To do:
Of all the entries below, retype only the lines from the one with "- net LV_SIZ0: now also U803.43 (IOB_71)" through the one with "U803.101 (IOR_160), U808.9", exactly as they appear.

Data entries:

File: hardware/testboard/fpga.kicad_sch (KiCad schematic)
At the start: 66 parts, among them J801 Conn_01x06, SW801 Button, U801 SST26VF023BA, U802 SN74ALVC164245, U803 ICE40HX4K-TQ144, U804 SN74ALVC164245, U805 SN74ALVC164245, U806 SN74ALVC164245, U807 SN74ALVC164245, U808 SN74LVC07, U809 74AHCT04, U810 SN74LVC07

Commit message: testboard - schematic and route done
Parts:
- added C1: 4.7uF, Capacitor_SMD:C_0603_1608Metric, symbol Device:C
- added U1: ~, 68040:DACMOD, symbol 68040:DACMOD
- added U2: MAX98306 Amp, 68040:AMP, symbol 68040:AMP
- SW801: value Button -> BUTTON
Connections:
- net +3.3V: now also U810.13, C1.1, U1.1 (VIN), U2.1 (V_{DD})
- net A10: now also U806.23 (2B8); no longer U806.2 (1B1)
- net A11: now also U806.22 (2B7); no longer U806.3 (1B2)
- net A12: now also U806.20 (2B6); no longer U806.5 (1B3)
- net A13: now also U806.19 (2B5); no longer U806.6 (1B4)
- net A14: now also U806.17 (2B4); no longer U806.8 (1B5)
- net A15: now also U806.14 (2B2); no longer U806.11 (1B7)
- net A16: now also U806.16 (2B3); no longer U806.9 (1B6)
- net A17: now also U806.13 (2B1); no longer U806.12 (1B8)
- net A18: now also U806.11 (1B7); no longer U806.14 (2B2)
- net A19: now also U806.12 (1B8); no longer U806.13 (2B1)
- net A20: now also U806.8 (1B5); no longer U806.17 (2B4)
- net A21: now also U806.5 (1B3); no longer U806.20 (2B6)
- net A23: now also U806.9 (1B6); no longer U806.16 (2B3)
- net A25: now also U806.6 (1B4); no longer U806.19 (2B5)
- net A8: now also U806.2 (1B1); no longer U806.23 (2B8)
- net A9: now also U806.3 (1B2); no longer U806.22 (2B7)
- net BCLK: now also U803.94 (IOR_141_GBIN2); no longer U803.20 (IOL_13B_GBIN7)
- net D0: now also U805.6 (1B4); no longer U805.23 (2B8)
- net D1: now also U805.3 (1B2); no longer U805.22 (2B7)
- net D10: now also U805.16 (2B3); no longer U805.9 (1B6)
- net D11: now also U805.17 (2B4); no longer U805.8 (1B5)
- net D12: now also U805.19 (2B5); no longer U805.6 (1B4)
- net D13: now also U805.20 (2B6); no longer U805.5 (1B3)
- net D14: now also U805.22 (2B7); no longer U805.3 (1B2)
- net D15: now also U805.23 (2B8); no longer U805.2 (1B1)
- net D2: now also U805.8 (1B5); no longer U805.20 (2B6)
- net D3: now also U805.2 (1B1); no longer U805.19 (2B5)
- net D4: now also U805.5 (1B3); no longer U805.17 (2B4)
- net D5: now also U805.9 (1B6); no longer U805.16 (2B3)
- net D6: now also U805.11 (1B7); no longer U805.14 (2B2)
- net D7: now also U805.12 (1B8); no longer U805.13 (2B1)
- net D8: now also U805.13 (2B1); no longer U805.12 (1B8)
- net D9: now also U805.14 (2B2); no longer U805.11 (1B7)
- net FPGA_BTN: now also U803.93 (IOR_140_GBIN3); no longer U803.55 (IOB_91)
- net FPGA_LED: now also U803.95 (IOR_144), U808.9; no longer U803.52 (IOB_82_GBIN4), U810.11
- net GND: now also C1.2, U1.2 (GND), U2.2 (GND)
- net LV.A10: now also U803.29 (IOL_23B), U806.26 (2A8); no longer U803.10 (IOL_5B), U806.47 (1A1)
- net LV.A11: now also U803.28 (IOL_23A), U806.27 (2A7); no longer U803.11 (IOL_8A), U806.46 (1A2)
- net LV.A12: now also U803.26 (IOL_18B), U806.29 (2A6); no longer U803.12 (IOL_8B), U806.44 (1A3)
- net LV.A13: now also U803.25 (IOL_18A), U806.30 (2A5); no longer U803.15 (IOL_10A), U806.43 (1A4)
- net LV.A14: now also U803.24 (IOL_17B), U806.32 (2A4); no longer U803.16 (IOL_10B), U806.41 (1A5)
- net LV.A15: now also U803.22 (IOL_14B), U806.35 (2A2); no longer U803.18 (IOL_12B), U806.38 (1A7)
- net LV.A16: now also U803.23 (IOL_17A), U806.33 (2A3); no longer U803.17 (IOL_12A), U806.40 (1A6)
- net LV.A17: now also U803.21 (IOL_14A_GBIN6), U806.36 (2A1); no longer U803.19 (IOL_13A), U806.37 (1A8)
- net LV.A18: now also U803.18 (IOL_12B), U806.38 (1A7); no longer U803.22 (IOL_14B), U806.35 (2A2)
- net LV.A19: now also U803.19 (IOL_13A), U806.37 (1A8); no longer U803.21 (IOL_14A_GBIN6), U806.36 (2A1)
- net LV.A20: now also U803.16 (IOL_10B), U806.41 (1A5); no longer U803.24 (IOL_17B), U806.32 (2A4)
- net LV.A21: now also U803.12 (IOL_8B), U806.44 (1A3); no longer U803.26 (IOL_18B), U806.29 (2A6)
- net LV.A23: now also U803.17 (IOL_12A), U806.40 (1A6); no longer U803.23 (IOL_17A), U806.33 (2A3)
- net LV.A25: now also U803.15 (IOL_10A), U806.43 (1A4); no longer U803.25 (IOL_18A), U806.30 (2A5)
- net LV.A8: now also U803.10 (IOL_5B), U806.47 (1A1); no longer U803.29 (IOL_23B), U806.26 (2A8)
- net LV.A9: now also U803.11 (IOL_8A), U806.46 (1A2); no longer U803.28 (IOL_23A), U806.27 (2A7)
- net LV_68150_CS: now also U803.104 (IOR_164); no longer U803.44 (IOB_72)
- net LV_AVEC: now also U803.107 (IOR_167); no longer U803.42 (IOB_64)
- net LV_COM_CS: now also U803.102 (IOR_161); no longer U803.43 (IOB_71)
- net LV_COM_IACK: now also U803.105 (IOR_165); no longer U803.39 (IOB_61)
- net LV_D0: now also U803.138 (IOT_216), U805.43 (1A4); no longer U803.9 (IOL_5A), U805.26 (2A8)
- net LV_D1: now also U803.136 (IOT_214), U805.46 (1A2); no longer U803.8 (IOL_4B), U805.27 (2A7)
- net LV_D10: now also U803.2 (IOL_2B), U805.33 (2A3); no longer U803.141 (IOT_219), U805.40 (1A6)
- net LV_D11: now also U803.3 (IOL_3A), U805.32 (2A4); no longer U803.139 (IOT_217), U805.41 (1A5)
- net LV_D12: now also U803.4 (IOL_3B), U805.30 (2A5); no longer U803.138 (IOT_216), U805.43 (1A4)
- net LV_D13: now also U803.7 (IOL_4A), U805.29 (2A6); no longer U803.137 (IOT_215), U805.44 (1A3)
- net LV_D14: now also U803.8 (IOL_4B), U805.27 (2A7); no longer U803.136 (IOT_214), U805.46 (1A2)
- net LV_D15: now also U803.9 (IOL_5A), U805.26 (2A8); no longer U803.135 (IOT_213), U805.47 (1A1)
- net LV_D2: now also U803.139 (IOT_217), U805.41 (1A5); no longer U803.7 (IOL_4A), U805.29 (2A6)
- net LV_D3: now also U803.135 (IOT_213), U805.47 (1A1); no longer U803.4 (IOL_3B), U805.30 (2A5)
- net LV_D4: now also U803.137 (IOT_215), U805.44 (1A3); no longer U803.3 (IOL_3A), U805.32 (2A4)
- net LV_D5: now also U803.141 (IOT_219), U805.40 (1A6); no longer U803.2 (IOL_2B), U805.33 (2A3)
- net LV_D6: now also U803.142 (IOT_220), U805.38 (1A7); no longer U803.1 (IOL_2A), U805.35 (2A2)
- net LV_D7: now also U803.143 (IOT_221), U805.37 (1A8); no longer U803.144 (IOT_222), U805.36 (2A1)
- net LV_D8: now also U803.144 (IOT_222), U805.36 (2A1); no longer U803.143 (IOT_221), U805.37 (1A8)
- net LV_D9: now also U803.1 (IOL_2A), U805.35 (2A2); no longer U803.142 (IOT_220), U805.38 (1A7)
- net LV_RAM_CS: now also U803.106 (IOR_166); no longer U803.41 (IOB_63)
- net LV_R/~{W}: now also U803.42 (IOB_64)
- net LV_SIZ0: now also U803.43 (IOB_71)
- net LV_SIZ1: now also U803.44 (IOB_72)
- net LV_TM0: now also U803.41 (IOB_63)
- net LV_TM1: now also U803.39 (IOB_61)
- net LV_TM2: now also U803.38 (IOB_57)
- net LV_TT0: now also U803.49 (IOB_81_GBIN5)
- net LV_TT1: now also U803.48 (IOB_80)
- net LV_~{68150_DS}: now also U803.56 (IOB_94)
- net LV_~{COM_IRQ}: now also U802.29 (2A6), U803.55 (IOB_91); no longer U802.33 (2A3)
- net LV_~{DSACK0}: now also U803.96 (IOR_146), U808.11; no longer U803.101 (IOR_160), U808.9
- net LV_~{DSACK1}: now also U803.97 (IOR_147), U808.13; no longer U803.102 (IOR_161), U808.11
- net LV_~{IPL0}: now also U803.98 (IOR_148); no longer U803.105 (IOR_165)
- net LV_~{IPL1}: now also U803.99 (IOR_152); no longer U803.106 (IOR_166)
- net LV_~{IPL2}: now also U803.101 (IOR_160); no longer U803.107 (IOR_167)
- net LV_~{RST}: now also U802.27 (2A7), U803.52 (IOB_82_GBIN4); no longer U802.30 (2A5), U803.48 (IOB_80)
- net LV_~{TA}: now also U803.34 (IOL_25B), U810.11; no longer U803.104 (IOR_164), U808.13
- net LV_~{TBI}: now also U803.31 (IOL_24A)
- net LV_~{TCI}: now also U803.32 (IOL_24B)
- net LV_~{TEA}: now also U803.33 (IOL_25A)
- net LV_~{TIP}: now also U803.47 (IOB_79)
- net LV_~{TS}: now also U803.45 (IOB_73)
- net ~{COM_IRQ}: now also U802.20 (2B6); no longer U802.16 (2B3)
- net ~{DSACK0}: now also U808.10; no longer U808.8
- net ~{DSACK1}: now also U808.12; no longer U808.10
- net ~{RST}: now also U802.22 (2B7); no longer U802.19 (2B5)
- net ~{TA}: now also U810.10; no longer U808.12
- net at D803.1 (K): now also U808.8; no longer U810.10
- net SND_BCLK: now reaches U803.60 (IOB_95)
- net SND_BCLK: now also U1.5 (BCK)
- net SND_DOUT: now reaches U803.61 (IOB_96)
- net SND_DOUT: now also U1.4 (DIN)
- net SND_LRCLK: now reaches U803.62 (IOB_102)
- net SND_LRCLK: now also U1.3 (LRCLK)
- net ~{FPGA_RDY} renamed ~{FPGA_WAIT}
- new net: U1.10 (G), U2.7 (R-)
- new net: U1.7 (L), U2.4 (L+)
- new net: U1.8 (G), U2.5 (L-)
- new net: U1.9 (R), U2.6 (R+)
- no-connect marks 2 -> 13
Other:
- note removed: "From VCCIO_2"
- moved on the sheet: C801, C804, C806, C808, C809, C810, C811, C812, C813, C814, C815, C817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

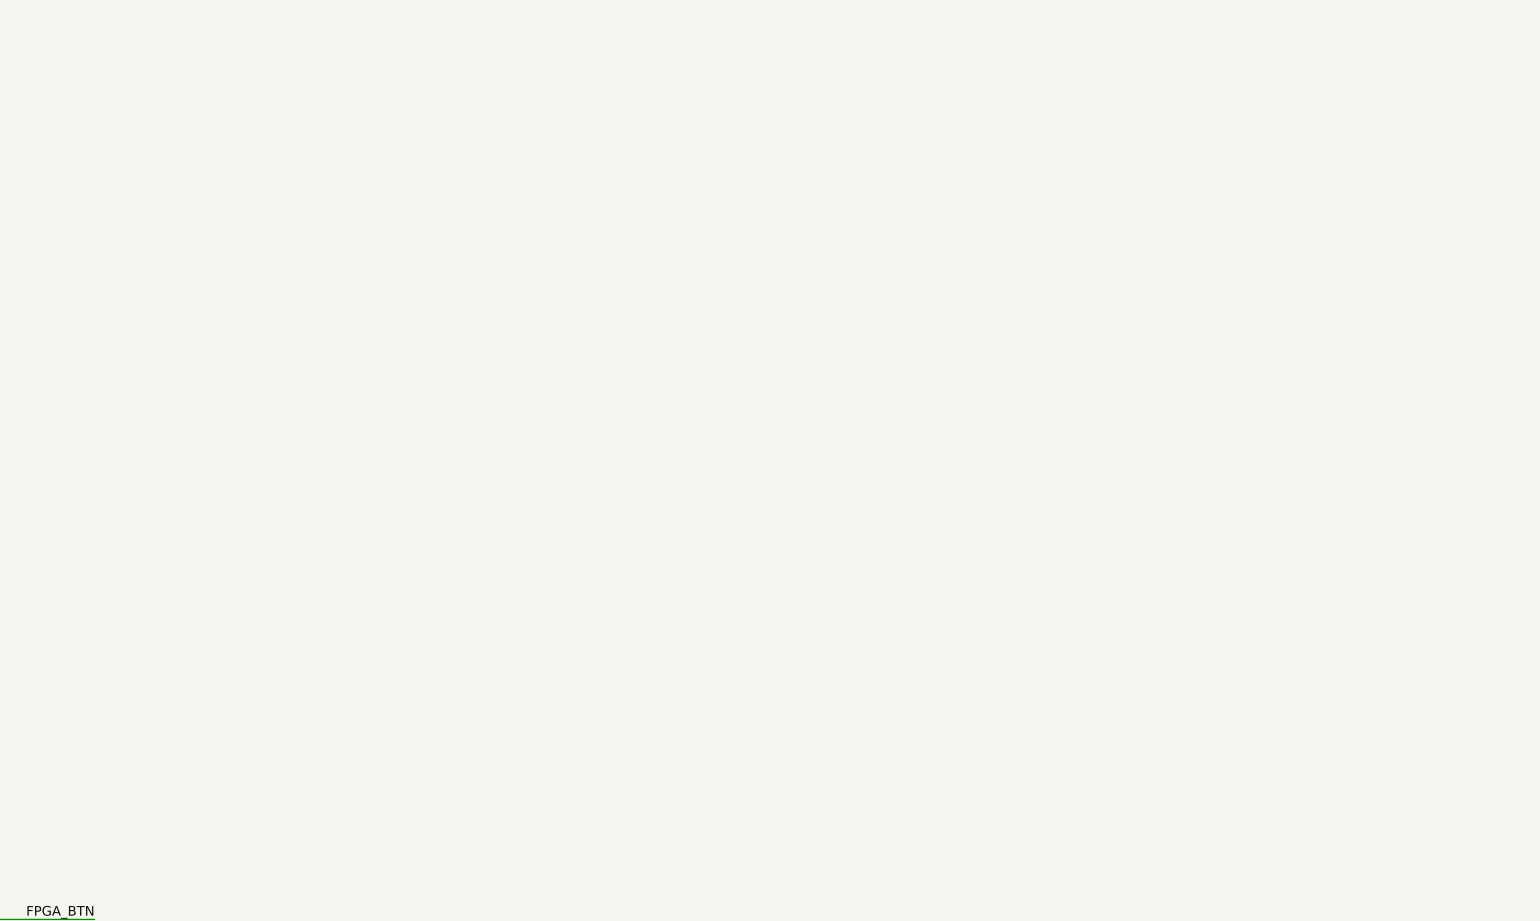
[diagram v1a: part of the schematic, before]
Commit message: make 3.3v reg bigger
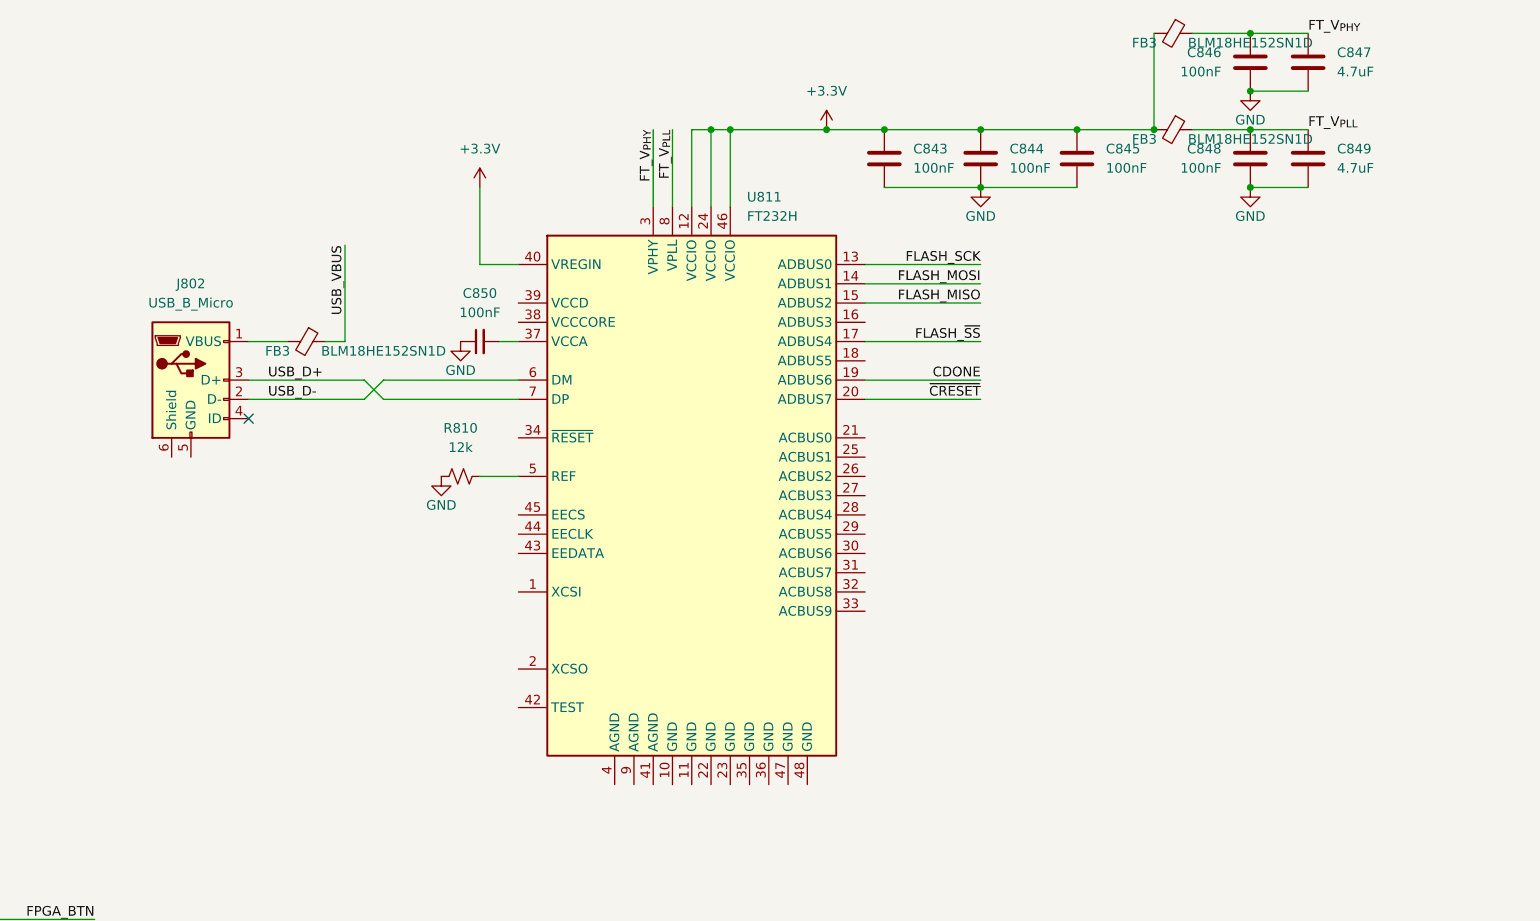
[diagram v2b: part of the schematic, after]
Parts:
- added C843, C844, C845, C846, C848: 100nF, symbol Device:C
- added C847, C849: 4.7uF, symbol Device:C
- added C850: 100nF, symbol Device:C_Small
- added FB3 (x3): BLM18HE152SN1D, Inductor_SMD:L_0603_1608Metric, symbol Device:FerriteBead_Small
- added J802: USB_B_Micro, Connector_USB:USB_Micro-AB_Molex_47590-0001, symbol Connector:USB_B_Micro
- added R810: 12k, symbol Device:R_Small_US
- added U811: FT232H, Package_DFN_QFN:QFN-48-1EP_8x8mm_P0.5mm_EP6.2x6.2mm, symbol Interface_USB:FT232H
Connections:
- net +3.3V: now also C843.1, C844.1, C845.1, FB3.2, FB3.2, U811.12 (VCCIO), U811.24 (VCCIO), U811.40 (VREGIN), U811.46 (VCCIO)
- net CDONE: now also U811.19 (ADBUS6)
- net FLASH_MISO: now also U811.15 (ADBUS2)
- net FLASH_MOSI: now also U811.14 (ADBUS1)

Task solution:
- net LV_SIZ0: now also U803.43 (IOB_71)
- net LV_SIZ1: now also U803.44 (IOB_72)
- net LV_TM0: now also U803.41 (IOB_63)
- net LV_TM1: now also U803.39 (IOB_61)
- net LV_TM2: now also U803.38 (IOB_57)
- net LV_TT0: now also U803.49 (IOB_81_GBIN5)
- net LV_TT1: now also U803.48 (IOB_80)
- net LV_~{68150_DS}: now also U803.56 (IOB_94)
- net LV_~{COM_IRQ}: now also U802.29 (2A6), U803.55 (IOB_91); no longer U802.33 (2A3)
- net LV_~{DSACK0}: now also U803.96 (IOR_146), U808.11; no longer U803.101 (IOR_160), U808.9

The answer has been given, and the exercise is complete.